Segment Open

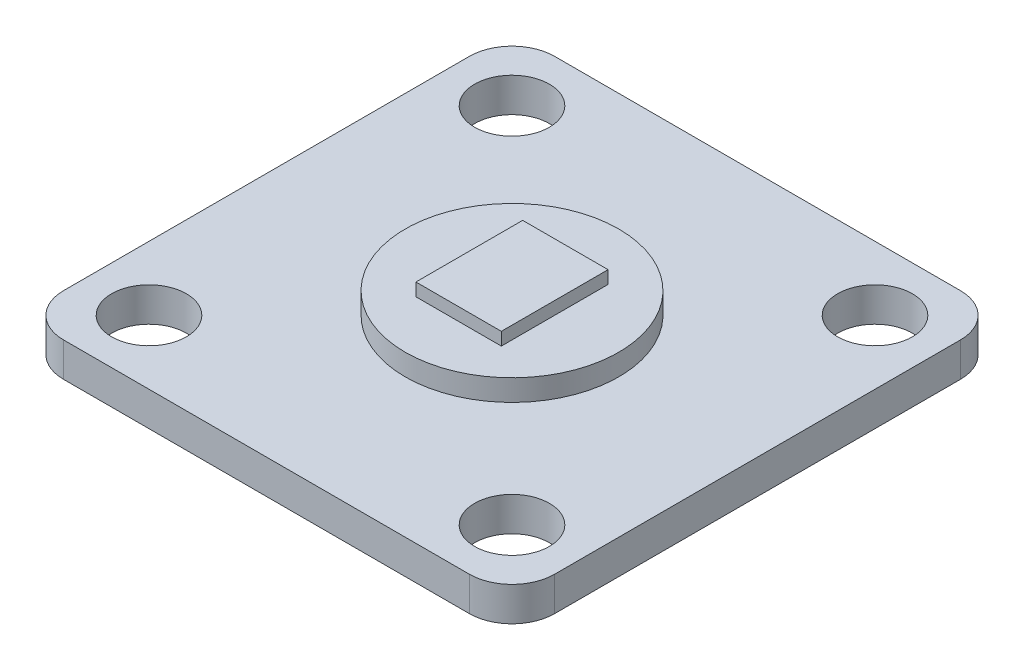
ISO-10303-21;
HEADER;
FILE_DESCRIPTION(('STEP AP214'),'2;1');
FILE_NAME('part.step','',(''),(''),'','','');
FILE_SCHEMA(('AUTOMOTIVE_DESIGN { 1 0 10303 214 1 1 1 1 }'));
ENDSEC;
DATA;
#1=APPLICATION_CONTEXT('core data for automotive mechanical design processes');
#2=APPLICATION_PROTOCOL_DEFINITION('international standard','automotive_design',2000,#1);
#3=PRODUCT_CONTEXT('',#1,'mechanical');
#4=PRODUCT('Part','Part','',(#3));
#5=PRODUCT_RELATED_PRODUCT_CATEGORY('part','',(#4));
#6=PRODUCT_DEFINITION_FORMATION('','',#4);
#7=PRODUCT_DEFINITION_CONTEXT('part definition',#1,'design');
#8=PRODUCT_DEFINITION('design','',#6,#7);
#9=PRODUCT_DEFINITION_SHAPE('','',#8);
#10=(LENGTH_UNIT() NAMED_UNIT(*) SI_UNIT(.MILLI.,.METRE.));
#11=(NAMED_UNIT(*) PLANE_ANGLE_UNIT() SI_UNIT($,.RADIAN.));
#12=(NAMED_UNIT(*) SI_UNIT($,.STERADIAN.) SOLID_ANGLE_UNIT());
#13=UNCERTAINTY_MEASURE_WITH_UNIT(LENGTH_MEASURE(1.E-05),#10,'distance_accuracy_value','');
#14=(GEOMETRIC_REPRESENTATION_CONTEXT(3) GLOBAL_UNCERTAINTY_ASSIGNED_CONTEXT((#13)) GLOBAL_UNIT_ASSIGNED_CONTEXT((#10,
#11,#12)) REPRESENTATION_CONTEXT('',''));
#15=CARTESIAN_POINT('',(0.,0.,0.));
#16=DIRECTION('',(0.,0.,1.));
#17=DIRECTION('',(1.,0.,0.));
#18=AXIS2_PLACEMENT_3D('',#15,#16,#17);
#19=CARTESIAN_POINT('',(-9.5,1.6,9.5));
#20=DIRECTION('',(0.,-1.,0.));
#21=DIRECTION('',(0.,0.,-1.));
#22=AXIS2_PLACEMENT_3D('',#19,#20,#21);
#23=PLANE('',#22);
#24=CARTESIAN_POINT('',(0.,1.6,0.));
#25=DIRECTION('',(0.,-1.,0.));
#26=DIRECTION('',(0.,0.,-1.));
#27=AXIS2_PLACEMENT_3D('',#24,#25,#26);
#28=CIRCLE('',#27,5.);
#29=CARTESIAN_POINT('',(0.,1.6,-5.));
#30=VERTEX_POINT('',#29);
#31=EDGE_CURVE('E11',#30,#30,#28,.F.);
#32=ORIENTED_EDGE('',*,*,#31,.F.);
#33=EDGE_LOOP('',(#32));
#34=FACE_BOUND('',#33,.T.);
#35=CARTESIAN_POINT('',(-8.5,1.6,-8.5));
#36=DIRECTION('',(0.,1.,0.));
#37=DIRECTION('',(0.,0.,1.));
#38=AXIS2_PLACEMENT_3D('',#35,#36,#37);
#39=CIRCLE('',#38,1.75);
#40=CARTESIAN_POINT('',(-8.5,1.6,-6.75));
#41=VERTEX_POINT('',#40);
#42=EDGE_CURVE('E239',#41,#41,#39,.T.);
#43=ORIENTED_EDGE('',*,*,#42,.F.);
#44=EDGE_LOOP('',(#43));
#45=FACE_BOUND('',#44,.T.);
#46=CARTESIAN_POINT('',(-8.5,1.6,8.5));
#47=DIRECTION('',(0.,1.,0.));
#48=DIRECTION('',(0.,0.,1.));
#49=AXIS2_PLACEMENT_3D('',#46,#47,#48);
#50=CIRCLE('',#49,1.75);
#51=CARTESIAN_POINT('',(-8.5,1.6,10.25));
#52=VERTEX_POINT('',#51);
#53=EDGE_CURVE('E247',#52,#52,#50,.T.);
#54=ORIENTED_EDGE('',*,*,#53,.F.);
#55=EDGE_LOOP('',(#54));
#56=FACE_BOUND('',#55,.T.);
#57=CARTESIAN_POINT('',(8.49999999999999,1.6,8.5));
#58=DIRECTION('',(0.,1.,0.));
#59=DIRECTION('',(0.,0.,1.));
#60=AXIS2_PLACEMENT_3D('',#57,#58,#59);
#61=CIRCLE('',#60,1.75);
#62=CARTESIAN_POINT('',(8.49999999999999,1.6,10.25));
#63=VERTEX_POINT('',#62);
#64=EDGE_CURVE('E255',#63,#63,#61,.T.);
#65=ORIENTED_EDGE('',*,*,#64,.F.);
#66=EDGE_LOOP('',(#65));
#67=FACE_BOUND('',#66,.T.);
#68=CARTESIAN_POINT('',(8.5,1.6,-8.5));
#69=DIRECTION('',(0.,1.,0.));
#70=DIRECTION('',(0.,0.,1.));
#71=AXIS2_PLACEMENT_3D('',#68,#69,#70);
#72=CIRCLE('',#71,1.75);
#73=CARTESIAN_POINT('',(8.5,1.6,-6.75));
#74=VERTEX_POINT('',#73);
#75=EDGE_CURVE('E159',#74,#74,#72,.T.);
#76=ORIENTED_EDGE('',*,*,#75,.F.);
#77=EDGE_LOOP('',(#76));
#78=FACE_BOUND('',#77,.T.);
#79=CARTESIAN_POINT('',(-9.5,1.6,9.5));
#80=DIRECTION('',(0.,1.,0.));
#81=DIRECTION('',(0.,0.,-1.));
#82=AXIS2_PLACEMENT_3D('',#79,#80,#81);
#83=CIRCLE('',#82,2.);
#84=CARTESIAN_POINT('',(-11.5,1.6,9.49999999999998));
#85=VERTEX_POINT('',#84);
#86=CARTESIAN_POINT('',(-9.49999999999999,1.6,11.5));
#87=VERTEX_POINT('',#86);
#88=EDGE_CURVE('E178',#85,#87,#83,.T.);
#89=ORIENTED_EDGE('',*,*,#88,.T.);
#90=DIRECTION('',(1.,0.,0.));
#91=VECTOR('',#90,1.);
#92=CARTESIAN_POINT('',(-9.49999999999999,1.6,11.5));
#93=LINE('',#92,#91);
#94=CARTESIAN_POINT('',(9.49999999999998,1.6,11.5));
#95=VERTEX_POINT('',#94);
#96=EDGE_CURVE('E108',#87,#95,#93,.T.);
#97=ORIENTED_EDGE('',*,*,#96,.T.);
#98=CARTESIAN_POINT('',(9.5,1.6,9.5));
#99=DIRECTION('',(0.,1.,0.));
#100=DIRECTION('',(0.,0.,1.));
#101=AXIS2_PLACEMENT_3D('',#98,#99,#100);
#102=CIRCLE('',#101,2.);
#103=CARTESIAN_POINT('',(11.5,1.6,9.49999999999998));
#104=VERTEX_POINT('',#103);
#105=EDGE_CURVE('E273',#95,#104,#102,.T.);
#106=ORIENTED_EDGE('',*,*,#105,.T.);
#107=DIRECTION('',(0.,0.,-1.));
#108=VECTOR('',#107,1.);
#109=CARTESIAN_POINT('',(11.5,1.6,9.49999999999998));
#110=LINE('',#109,#108);
#111=CARTESIAN_POINT('',(11.5,1.6,-9.49999999999999));
#112=VERTEX_POINT('',#111);
#113=EDGE_CURVE('E276',#104,#112,#110,.T.);
#114=ORIENTED_EDGE('',*,*,#113,.T.);
#115=CARTESIAN_POINT('',(9.5,1.6,-9.5));
#116=DIRECTION('',(0.,1.,0.));
#117=DIRECTION('',(0.,0.,-1.));
#118=AXIS2_PLACEMENT_3D('',#115,#116,#117);
#119=CIRCLE('',#118,2.);
#120=CARTESIAN_POINT('',(9.49999999999998,1.6,-11.5));
#121=VERTEX_POINT('',#120);
#122=EDGE_CURVE('E129',#112,#121,#119,.T.);
#123=ORIENTED_EDGE('',*,*,#122,.T.);
#124=DIRECTION('',(-1.,0.,0.));
#125=VECTOR('',#124,1.);
#126=CARTESIAN_POINT('',(-9.49999999999999,1.6,-11.5));
#127=LINE('',#126,#125);
#128=CARTESIAN_POINT('',(-9.49999999999999,1.6,-11.5));
#129=VERTEX_POINT('',#128);
#130=EDGE_CURVE('E123',#121,#129,#127,.T.);
#131=ORIENTED_EDGE('',*,*,#130,.T.);
#132=CARTESIAN_POINT('',(-9.5,1.6,-9.5));
#133=DIRECTION('',(0.,1.,0.));
#134=DIRECTION('',(0.,0.,-1.));
#135=AXIS2_PLACEMENT_3D('',#132,#133,#134);
#136=CIRCLE('',#135,2.);
#137=CARTESIAN_POINT('',(-11.5,1.6,-9.49999999999999));
#138=VERTEX_POINT('',#137);
#139=EDGE_CURVE('E126',#129,#138,#136,.T.);
#140=ORIENTED_EDGE('',*,*,#139,.T.);
#141=DIRECTION('',(0.,0.,1.));
#142=VECTOR('',#141,1.);
#143=CARTESIAN_POINT('',(-11.5,1.6,9.49999999999998));
#144=LINE('',#143,#142);
#145=EDGE_CURVE('E66',#138,#85,#144,.T.);
#146=ORIENTED_EDGE('',*,*,#145,.T.);
#147=EDGE_LOOP('',(#89,#97,#106,#114,#123,#131,#140,#146));
#148=FACE_BOUND('',#147,.T.);
#149=ADVANCED_FACE('F41',(#34,#45,#56,#67,#78,#148),#23,.F.);
#150=CARTESIAN_POINT('',(-9.5,0.,9.5));
#151=DIRECTION('',(0.,-1.,0.));
#152=DIRECTION('',(0.,0.,-1.));
#153=AXIS2_PLACEMENT_3D('',#150,#151,#152);
#154=PLANE('',#153);
#155=CARTESIAN_POINT('',(-8.5,0.,8.5));
#156=DIRECTION('',(0.,1.,0.));
#157=DIRECTION('',(0.,0.,1.));
#158=AXIS2_PLACEMENT_3D('',#155,#156,#157);
#159=CIRCLE('',#158,1.75);
#160=CARTESIAN_POINT('',(-8.5,0.,10.25));
#161=VERTEX_POINT('',#160);
#162=EDGE_CURVE('E243',#161,#161,#159,.T.);
#163=ORIENTED_EDGE('',*,*,#162,.T.);
#164=EDGE_LOOP('',(#163));
#165=FACE_BOUND('',#164,.T.);
#166=CARTESIAN_POINT('',(8.5,0.,-8.5));
#167=DIRECTION('',(0.,1.,0.));
#168=DIRECTION('',(0.,0.,1.));
#169=AXIS2_PLACEMENT_3D('',#166,#167,#168);
#170=CIRCLE('',#169,1.75);
#171=CARTESIAN_POINT('',(8.5,0.,-6.75));
#172=VERTEX_POINT('',#171);
#173=EDGE_CURVE('E259',#172,#172,#170,.T.);
#174=ORIENTED_EDGE('',*,*,#173,.T.);
#175=EDGE_LOOP('',(#174));
#176=FACE_BOUND('',#175,.T.);
#177=CARTESIAN_POINT('',(-9.5,0.,9.5));
#178=DIRECTION('',(0.,1.,0.));
#179=DIRECTION('',(0.,0.,-1.));
#180=AXIS2_PLACEMENT_3D('',#177,#178,#179);
#181=CIRCLE('',#180,2.);
#182=CARTESIAN_POINT('',(-11.5,0.,9.49999999999998));
#183=VERTEX_POINT('',#182);
#184=CARTESIAN_POINT('',(-9.49999999999999,0.,11.5));
#185=VERTEX_POINT('',#184);
#186=EDGE_CURVE('E154',#183,#185,#181,.T.);
#187=ORIENTED_EDGE('',*,*,#186,.F.);
#188=DIRECTION('',(0.,0.,1.));
#189=VECTOR('',#188,1.);
#190=CARTESIAN_POINT('',(-11.5,0.,9.49999999999998));
#191=LINE('',#190,#189);
#192=CARTESIAN_POINT('',(-11.5,0.,-9.49999999999999));
#193=VERTEX_POINT('',#192);
#194=EDGE_CURVE('E99',#193,#183,#191,.T.);
#195=ORIENTED_EDGE('',*,*,#194,.F.);
#196=CARTESIAN_POINT('',(-9.5,0.,-9.5));
#197=DIRECTION('',(0.,1.,0.));
#198=DIRECTION('',(0.,0.,-1.));
#199=AXIS2_PLACEMENT_3D('',#196,#197,#198);
#200=CIRCLE('',#199,2.);
#201=CARTESIAN_POINT('',(-9.49999999999999,0.,-11.5));
#202=VERTEX_POINT('',#201);
#203=EDGE_CURVE('E173',#202,#193,#200,.T.);
#204=ORIENTED_EDGE('',*,*,#203,.F.);
#205=DIRECTION('',(-1.,0.,0.));
#206=VECTOR('',#205,1.);
#207=CARTESIAN_POINT('',(-9.49999999999999,0.,-11.5));
#208=LINE('',#207,#206);
#209=CARTESIAN_POINT('',(9.49999999999998,0.,-11.5));
#210=VERTEX_POINT('',#209);
#211=EDGE_CURVE('E139',#210,#202,#208,.T.);
#212=ORIENTED_EDGE('',*,*,#211,.F.);
#213=CARTESIAN_POINT('',(9.5,0.,-9.5));
#214=DIRECTION('',(0.,1.,0.));
#215=DIRECTION('',(0.,0.,-1.));
#216=AXIS2_PLACEMENT_3D('',#213,#214,#215);
#217=CIRCLE('',#216,2.);
#218=CARTESIAN_POINT('',(11.5,0.,-9.49999999999999));
#219=VERTEX_POINT('',#218);
#220=EDGE_CURVE('E168',#219,#210,#217,.T.);
#221=ORIENTED_EDGE('',*,*,#220,.F.);
#222=DIRECTION('',(0.,0.,-1.));
#223=VECTOR('',#222,1.);
#224=CARTESIAN_POINT('',(11.5,0.,9.49999999999998));
#225=LINE('',#224,#223);
#226=CARTESIAN_POINT('',(11.5,0.,9.49999999999998));
#227=VERTEX_POINT('',#226);
#228=EDGE_CURVE('E165',#227,#219,#225,.T.);
#229=ORIENTED_EDGE('',*,*,#228,.F.);
#230=CARTESIAN_POINT('',(9.5,0.,9.5));
#231=DIRECTION('',(0.,1.,0.));
#232=DIRECTION('',(0.,0.,1.));
#233=AXIS2_PLACEMENT_3D('',#230,#231,#232);
#234=CIRCLE('',#233,2.);
#235=CARTESIAN_POINT('',(9.49999999999998,0.,11.5));
#236=VERTEX_POINT('',#235);
#237=EDGE_CURVE('E162',#236,#227,#234,.T.);
#238=ORIENTED_EDGE('',*,*,#237,.F.);
#239=DIRECTION('',(1.,0.,0.));
#240=VECTOR('',#239,1.);
#241=CARTESIAN_POINT('',(-9.49999999999999,0.,11.5));
#242=LINE('',#241,#240);
#243=EDGE_CURVE('E158',#185,#236,#242,.T.);
#244=ORIENTED_EDGE('',*,*,#243,.F.);
#245=EDGE_LOOP('',(#187,#195,#204,#212,#221,#229,#238,#244));
#246=FACE_BOUND('',#245,.T.);
#247=CARTESIAN_POINT('',(8.49999999999999,0.,8.5));
#248=DIRECTION('',(0.,1.,0.));
#249=DIRECTION('',(0.,0.,1.));
#250=AXIS2_PLACEMENT_3D('',#247,#248,#249);
#251=CIRCLE('',#250,1.75);
#252=CARTESIAN_POINT('',(8.49999999999999,0.,10.25));
#253=VERTEX_POINT('',#252);
#254=EDGE_CURVE('E251',#253,#253,#251,.T.);
#255=ORIENTED_EDGE('',*,*,#254,.T.);
#256=EDGE_LOOP('',(#255));
#257=FACE_BOUND('',#256,.T.);
#258=CARTESIAN_POINT('',(-8.5,0.,-8.5));
#259=DIRECTION('',(0.,1.,0.));
#260=DIRECTION('',(0.,0.,1.));
#261=AXIS2_PLACEMENT_3D('',#258,#259,#260);
#262=CIRCLE('',#261,1.75);
#263=CARTESIAN_POINT('',(-8.5,0.,-6.75));
#264=VERTEX_POINT('',#263);
#265=EDGE_CURVE('E238',#264,#264,#262,.T.);
#266=ORIENTED_EDGE('',*,*,#265,.T.);
#267=EDGE_LOOP('',(#266));
#268=FACE_BOUND('',#267,.T.);
#269=ADVANCED_FACE('F291',(#165,#176,#246,#257,#268),#154,.T.);
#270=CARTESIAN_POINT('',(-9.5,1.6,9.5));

Segment Closed

The output should be exactly the lines above from the line containing "#233=AXIS2_PLACEMENT_3D('',#230,#231,#232);" to the line containing "#251=CIRCLE('',#250,1.75);", inclusive, with no other lines.

§ OUTPUT OF THE EXERCISE:
#233=AXIS2_PLACEMENT_3D('',#230,#231,#232);
#234=CIRCLE('',#233,2.);
#235=CARTESIAN_POINT('',(9.49999999999998,0.,11.5));
#236=VERTEX_POINT('',#235);
#237=EDGE_CURVE('E162',#236,#227,#234,.T.);
#238=ORIENTED_EDGE('',*,*,#237,.F.);
#239=DIRECTION('',(1.,0.,0.));
#240=VECTOR('',#239,1.);
#241=CARTESIAN_POINT('',(-9.49999999999999,0.,11.5));
#242=LINE('',#241,#240);
#243=EDGE_CURVE('E158',#185,#236,#242,.T.);
#244=ORIENTED_EDGE('',*,*,#243,.F.);
#245=EDGE_LOOP('',(#187,#195,#204,#212,#221,#229,#238,#244));
#246=FACE_BOUND('',#245,.T.);
#247=CARTESIAN_POINT('',(8.49999999999999,0.,8.5));
#248=DIRECTION('',(0.,1.,0.));
#249=DIRECTION('',(0.,0.,1.));
#250=AXIS2_PLACEMENT_3D('',#247,#248,#249);
#251=CIRCLE('',#250,1.75);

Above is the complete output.